One we have aligned the data, we will have .sam files or its binary “lighter/smaller” version .bam. These files are composed of one line per read. Each line has the read names, its sequence and the location to where it was aligned it also have encoded a lot of different quality metrics including the already discussed fastq quality. Each alignment will have different alignment quality. A perfect read with a perfect match to the reference genome would give a perfect score. The presence of gaps on the alignment would reduce the alignment quality. Reads with low quality (less than 20 for example) are usually filtered and not used in downstream analysis.

Here the example for two reads of the data sets used in next chapter.

SRR548157.14400783	16	chr2L	24	1	36M	*	0	AGAACAGATATTTAGATTGCCTCTCATTTTCTCTCC	HHDHHHHHHHHFHHHHHHHHFHEHHHHHHHHHHHFG	AS:i:0	XS:i:0	XN:i:0	XM:i:0	XO:i:0	XG:i:0	NM:i:0	MD:Z:36	YT:Z:UU
SRR548157.4410720	0	chr2L	247	1	36M	*	0	AGTGCCAACATATTGTGCTAATGAGTGCCTCTCGTT	E@=?@BDDBDHGHGHDHGIGGIBGGDEGFGB@BEBD	AS:i:0	XS:i:0	XN:i:0	XM:i:0	XO:i:0	XG:i:0	NM:i:0	MD:Z:36	YT:Z:UU

Reads can be also aligning to one or multiple sites in the genome. This last option is usually called: multiple mapping. For repetitive sequences in the genome, as rRNA loci and transposons, it is expected that they will map to multiples places. For other loci, the multiple mapping can be an indication of low-quality reads. For RNA sequencing analysis multiple mapping reads are problematic when quantifying gene expression so sometimes they are removed from downstream analysis.

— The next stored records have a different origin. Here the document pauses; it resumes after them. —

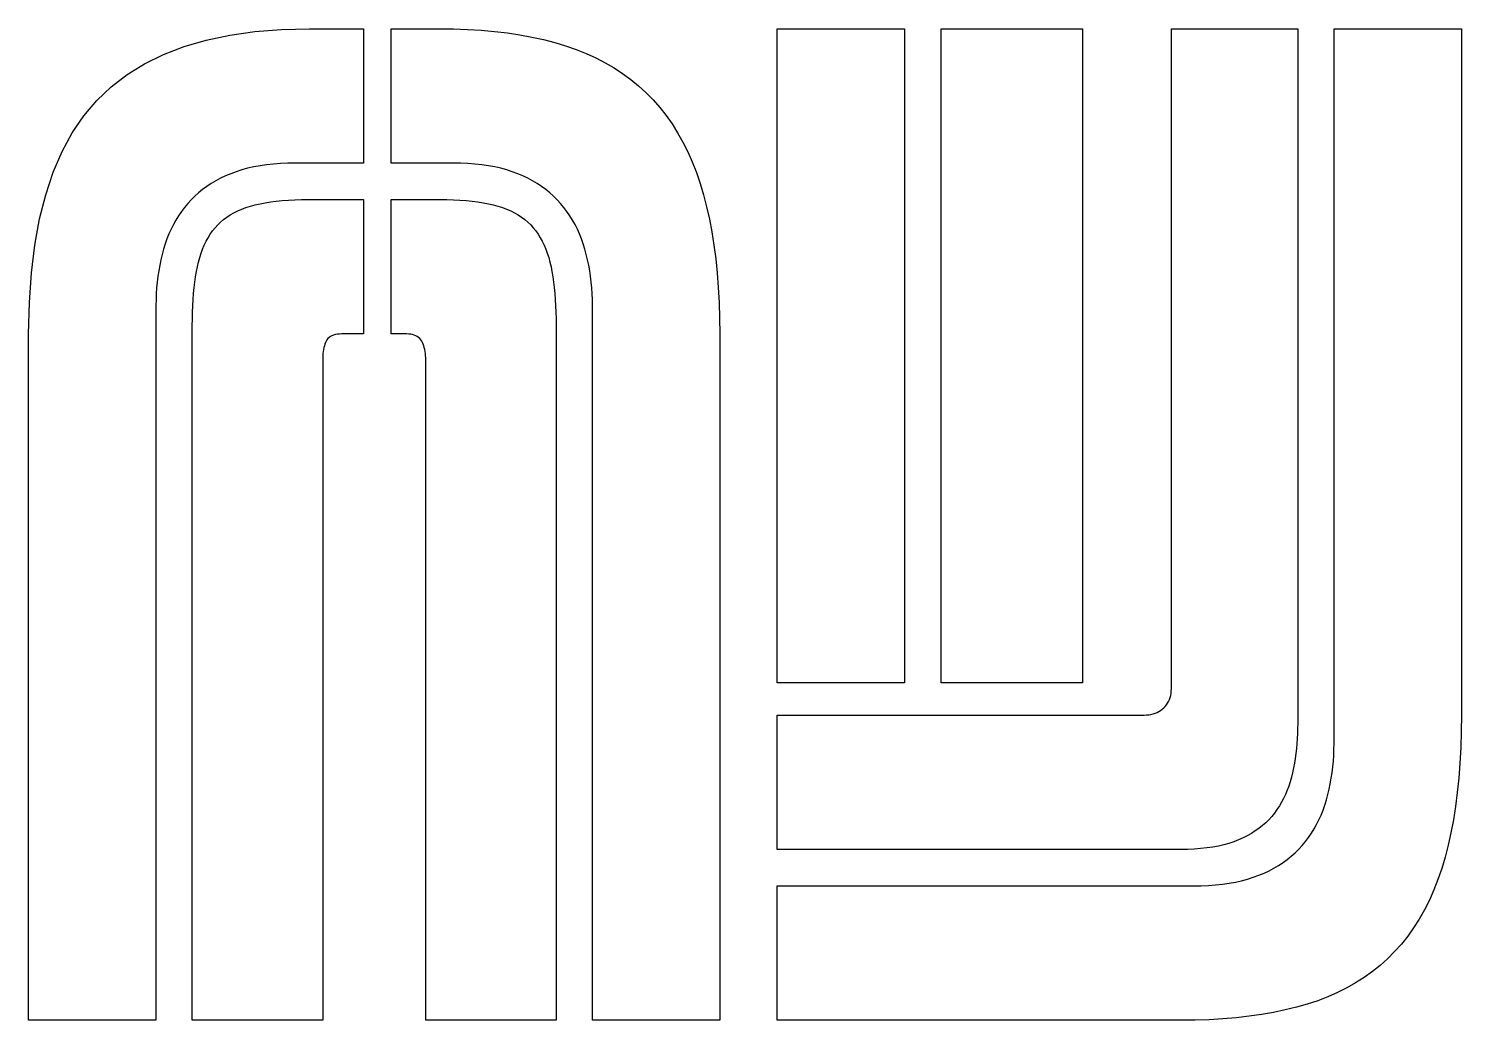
# Model space of a CAD drawing. Extents: x -28 to 1088, y -1245 to 28.
# Drawn here: x 684.1 to 823.2, y -1053.4 to -957.1 of the extents above; entities that cross this region are included whole.
import ezdxf

# ---------------------------------------------------------------- set-up
doc = ezdxf.new("R2010")
doc.units = 0
doc.header["$MEASUREMENT"] = 0
doc.layers.get('0').update_dxf_attribs({"linetype": 'CONTINUOUS'})

msp = doc.modelspace()

# ---------------------------------------------------------------- linework, layer by layer
at = {"color": 7, "ltscale": 0.055722}
msp.add_line((699.220255, -958.874193), (701.359163, -958.247383), dxfattribs=at)
at = {"color": 7, "ltscale": 0.058461}
msp.add_line((701.359163, -958.247383), (703.646224, -957.759873), dxfattribs=at)
at = {"color": 7, "ltscale": 0.061496}
msp.add_line((703.646224, -957.759873), (706.081283, -957.411643), dxfattribs=at)
at = {"color": 7, "ltscale": 0.064791}
msp.add_line((706.081283, -957.411643), (708.664504, -957.202712), dxfattribs=at)
at = {"color": 7, "ltscale": 0.068307}
msp.add_line((708.664504, -957.202712), (711.395878, -957.133063), dxfattribs=at)
at = {"color": 7, "ltscale": 0.130922}
msp.add_line((711.395878, -957.133063), (716.632776, -957.133063), dxfattribs=at)
at = {"color": 7, "ltscale": 0.326155}
for p, q in [((716.632776, -957.133063), (716.632776, -970.17927)), ((719.332776, -970.17927), (719.332776, -957.133063)), ((716.632776, -973.710568), (716.632776, -986.756775)), ((719.332776, -986.756775), (719.332776, -973.710568)), ((756.812425, -1036.783557), (756.812425, -1023.737359)), ((756.812425, -1053.361063), (756.812425, -1040.314875))]:
    msp.add_line(p, q, dxfattribs=at)
at = {"color": 7, "ltscale": 0.115472}
msp.add_line((719.332776, -957.133063), (723.95166, -957.133063), dxfattribs=at)
at = {"color": 7, "ltscale": 0.035304}
msp.add_line((723.95166, -957.133063), (725.363738, -957.149739), dxfattribs=at)
at = {"color": 7, "ltscale": 0.034316}
for p, q in [((725.363738, -957.149739), (726.735449, -957.199768)), ((798.734798, -1053.298293), (797.362952, -1053.345377))]:
    msp.add_line(p, q, dxfattribs=at)
at = {"color": 7, "ltscale": 0.033356}
msp.add_line((726.735449, -957.199768), (728.067071, -957.283149), dxfattribs=at)
at = {"color": 7, "ltscale": 0.032416}
msp.add_line((728.067071, -957.283149), (729.358461, -957.399874), dxfattribs=at)
at = {"color": 7, "ltscale": 0.031503}
msp.add_line((729.358461, -957.399874), (730.609617, -957.549961), dxfattribs=at)
at = {"color": 7, "ltscale": 0.030618}
msp.add_line((730.609617, -957.549961), (731.820541, -957.733391), dxfattribs=at)
at = {"color": 7, "ltscale": 0.029765}
msp.add_line((731.820541, -957.733391), (732.991241, -957.950173), dxfattribs=at)
at = {"color": 7, "ltscale": 0.028949}
msp.add_line((732.991241, -957.950173), (734.121843, -958.200308), dxfattribs=at)
at = {"color": 7, "ltscale": 0.028162}
msp.add_line((734.121843, -958.200308), (735.212077, -958.483786), dxfattribs=at)
at = {"color": 7}
for p, q in [((756.812425, -1020.598421), (756.812425, -957.133063)), ((769.171882, -957.133063), (769.171882, -1020.598421)), ((772.703199, -1020.598421), (772.703199, -957.133063)), ((786.436128, -957.133063), (786.436128, -1020.598421)), ((795.068107, -1021.186971), (795.068107, -957.133063)), ((807.329632, -957.133063), (807.329632, -1024.522089)), ((810.86095, -1026.483928), (810.86095, -957.133063)), ((823.220407, -957.133063), (823.220407, -1023.737359)), ((696.485946, -984.010197), (696.485946, -1053.361063)), ((738.861592, -1053.361063), (738.861592, -984.010197)), ((700.017264, -1053.361063), (700.017264, -985.972036)), ((735.330274, -985.972036), (735.330274, -1053.361063)), ((684.126335, -1053.361063), (684.126335, -986.756775)), ((751.221203, -986.756775), (751.221203, -1053.361063)), ((712.671121, -989.307154), (712.671121, -1053.361063)), ((722.676417, -1053.361063), (722.676417, -989.307154)), ((756.812425, -1023.737359), (792.419691, -1023.737359)), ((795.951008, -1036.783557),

Alignment files can be sorted or unsorted. This means basically if the reads are sorted in the order they were in the fastq file or in the order they appear aligned to the genome. A sorted file basically will have the reads aligned to chr1 before the ones from chr2, and so on. This is important as some tools (as the visualization) require reads to be sorted.

4.5.1 Visualization of alignment (IGV)

Alignment files can be visualized using different tools as [UCSC genome browser] (https://genome.ucsc.edu/goldenPath/help/hgTrackHubHelp.html) or [IGV](https://software.broadinstitute.org/software/igv/home. IGV have the option to load your own genomes and annotation data.

To load it we will need the sorted bam files. This will allow us to visualize each read with its alignment quality, gaps, etc.

Alignement files (.bam) loaded into the IGV genome browser.

Figure 4.8: Alignement files (.bam) loaded into the IGV genome browser.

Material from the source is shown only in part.